Casco Viejo, “the Casco,” as the locals call it, is “where the cool kids are hanging out these days,” according to Franklyn Robinson, Panama City’s most loved radio DJ and proudly out 26 year old. It’s the following afternoon, and I’m seated across from Robinson, a tall black man who is wearing the kind of thick black-frame eyeglasses and just-so Oxford shirt that might inspire comparisons to Andre Charles (RuPaul). We’re inside the Tantalo Kitchen, the lofty, ground-floor cafeteria-styled restaurant in the hotel, adorned with contemporary Panamanian art. All along the oversized tables entrepreneurs, tourists, and beautiful people talk over afternoon vino and the menu’s international tapas. It’s no surprise that this is where Robinson likes to have his lunch meetings, it’s a visual confirmation of his aforementioned claim about the Casco, being where the au courant are fixated.
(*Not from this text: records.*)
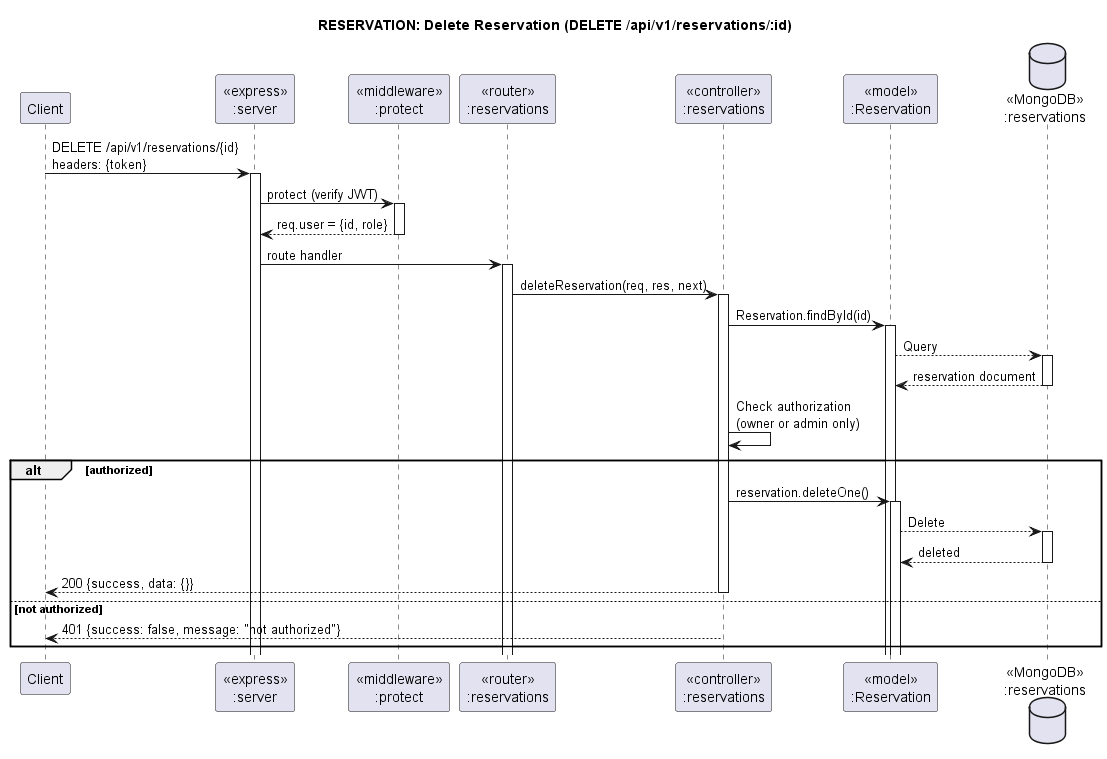

The diagram above was rendered by PlantUML. Its source (embedded in the PNG):
@startuml ReservationDelete
title "RESERVATION: Delete Reservation (DELETE /api/v1/reservations/:id)"

participant "Client" as client
participant "<<express>>\n:server" as server
participant "<<middleware>>\n:protect" as middleware
participant "<<router>>\n:reservations" as resRouter
participant "<<controller>>\n:reservations" as resController
participant "<<model>>\n:Reservation" as resModel
database "<<MongoDB>>\n:reservations" as resDB

client->server ++: DELETE /api/v1/reservations/{id}\nheaders: {token}
server->middleware ++: protect (verify JWT)
middleware -->server --: req.user = {id, role}
server->resRouter ++: route handler
resRouter -> resController ++: deleteReservation(req, res, next)
resController->resModel ++: Reservation.findById(id)
resModel -->resDB ++: Query
resDB --> resModel --: reservation document
resController -> resController: Check authorization\n(owner or admin only)
alt authorized
  resController->resModel ++: reservation.deleteOne()
  resModel -->resDB ++: Delete
  resDB --> resModel --: deleted
  resController-->client --: 200 {success, data: {}}
else not authorized
  resController-->client --: 401 {success: false, message: "not authorized"}
end

@enduml

“Nowadays, [the gays] are more accepted in all of Panama City,” he says. That’s due in part to his efforts in starting the Panamanian version of the United States’ NoH8 campaign, called T1AG (Tengo un amigo gay). Instead of painting their faces, volunteers, including Panamanian celebrities, are photographed with their hands painted the colors of the rainbow. It’s almost unfathomable to think that it started in 2011, less than five years after homosexuality was officially decriminalized in the country. The Panamanian President, Ricardo Martinelli gave T1AG his endorsement and the ads can be boldly found in spaces at local bus stops, on taxis, and in magazines and newspapers. In June of 2011, Panama City held their first gay pride parade with Martinelli’s wife, Marta Linares, marching right along.